Permalink 05/06/08 at 07:21:34 am, by Ed, 532 words   English (US)
Categories: School, Programming

You know the old adage "When all you have is a hammer, every problem looks like a nail". Well, I'm in my stagecraft class, and we regularly have to reverse that. That is, "When all you have is a nail, every tool looks like a hammer." Which I'm sure many of us have experienced in the past, driving in a nail with the but of a screwdriver, the battery of a cordless drill, a caster, a different piece of wood, a belt sander, a router, the butt of your hand, a jigsaw, or in the rare cases when you're feeling industrious, a hammer.

Honestly, the hammer is just about the simplest tool in any shop, and we rarely use them. We just take what we have and use that instead. Why don't they just put a ball peen on every power tool they make? It'd save us the trouble of getting up and actually fetching a hammer to drive the nail in all the way so that the jigsaw doesn't jump when it hits it, or the sand belt doesn't break when it files down the nail head into nothing, or god knows what would happen when the router comes near it.
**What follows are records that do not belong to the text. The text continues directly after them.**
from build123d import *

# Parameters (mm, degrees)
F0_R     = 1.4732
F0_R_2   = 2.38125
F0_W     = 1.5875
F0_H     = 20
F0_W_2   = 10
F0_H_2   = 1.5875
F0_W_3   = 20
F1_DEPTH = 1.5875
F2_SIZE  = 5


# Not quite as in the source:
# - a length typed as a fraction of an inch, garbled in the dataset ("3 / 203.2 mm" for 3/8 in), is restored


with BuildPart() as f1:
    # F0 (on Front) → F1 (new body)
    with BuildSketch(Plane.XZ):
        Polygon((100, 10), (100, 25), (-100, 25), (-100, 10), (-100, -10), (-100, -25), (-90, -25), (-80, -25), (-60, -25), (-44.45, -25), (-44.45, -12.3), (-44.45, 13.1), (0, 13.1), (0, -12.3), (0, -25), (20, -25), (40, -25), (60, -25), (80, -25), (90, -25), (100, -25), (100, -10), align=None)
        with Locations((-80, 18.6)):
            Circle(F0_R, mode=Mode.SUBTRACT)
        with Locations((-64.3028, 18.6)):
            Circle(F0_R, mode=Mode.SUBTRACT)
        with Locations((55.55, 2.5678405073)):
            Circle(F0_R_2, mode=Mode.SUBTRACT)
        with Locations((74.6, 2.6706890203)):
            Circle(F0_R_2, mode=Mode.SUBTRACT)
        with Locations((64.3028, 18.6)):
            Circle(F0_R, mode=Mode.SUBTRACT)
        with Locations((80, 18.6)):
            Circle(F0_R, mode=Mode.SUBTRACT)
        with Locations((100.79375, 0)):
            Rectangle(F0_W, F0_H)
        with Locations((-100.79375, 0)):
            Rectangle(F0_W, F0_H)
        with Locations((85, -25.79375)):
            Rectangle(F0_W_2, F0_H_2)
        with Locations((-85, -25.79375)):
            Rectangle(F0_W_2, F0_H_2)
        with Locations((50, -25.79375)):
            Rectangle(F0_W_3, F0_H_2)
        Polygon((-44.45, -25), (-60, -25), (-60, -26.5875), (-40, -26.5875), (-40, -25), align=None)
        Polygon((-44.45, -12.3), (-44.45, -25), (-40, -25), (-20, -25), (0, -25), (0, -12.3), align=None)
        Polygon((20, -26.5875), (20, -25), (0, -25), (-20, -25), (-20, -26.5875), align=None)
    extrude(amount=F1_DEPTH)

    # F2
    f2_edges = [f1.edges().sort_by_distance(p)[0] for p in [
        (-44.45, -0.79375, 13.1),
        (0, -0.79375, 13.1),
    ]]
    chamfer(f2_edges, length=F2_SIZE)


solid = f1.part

But that's not the only place I've seen it. I've seen it in programming, having been guilty of doing it myself some times as well. Most recently, for example, I have a very simple "node" object which in ones mind one already knows what it is. It's a sub-object of a parent object that needs several objects arranged in a certain way. Nodes are used everywhere in programming. In this case, in a self-balancing binary search tree I've used for a project in a class. This node has grown to contain:

  • a left and right child node (indisposable in a binary tree)
  • a parent node (also very useful)
  • a value (what's the point of having a node without data?)
  • a key (okay, self-balancing trees need something to sort by)
  • a left and right child height (I guess it's okay to cache the height so as to not recalculate it every time)
  • an article count (okay, that makes s--What!?)
  • the current article (Wait up! I'm still stuck on the last one!)
  • the IDF (Random unexplained acronyms abound!
  • and the phrase length (I give up)

It should have been so simple! It should have gone no further than the key! Maybe have a child height, but no more! Every time we needed the program to do something else with the data, I stuck it into the node as a new data value. The IDF isn't even used in the first half. In fact, it isn't even used in relation to the self balancing tree! I reuse the nodes to get away from having to create a new object to create a list of items linked by parent and child. I'm essentially using a left-right node as a left-only node and foregoing all operations supplied by the tree entirely.

Like I said, when all I have to do is sort, every tool looks like a self-balancing tree node. Yeah, that's right! I pulled it all back together! Didn't see that coming did you?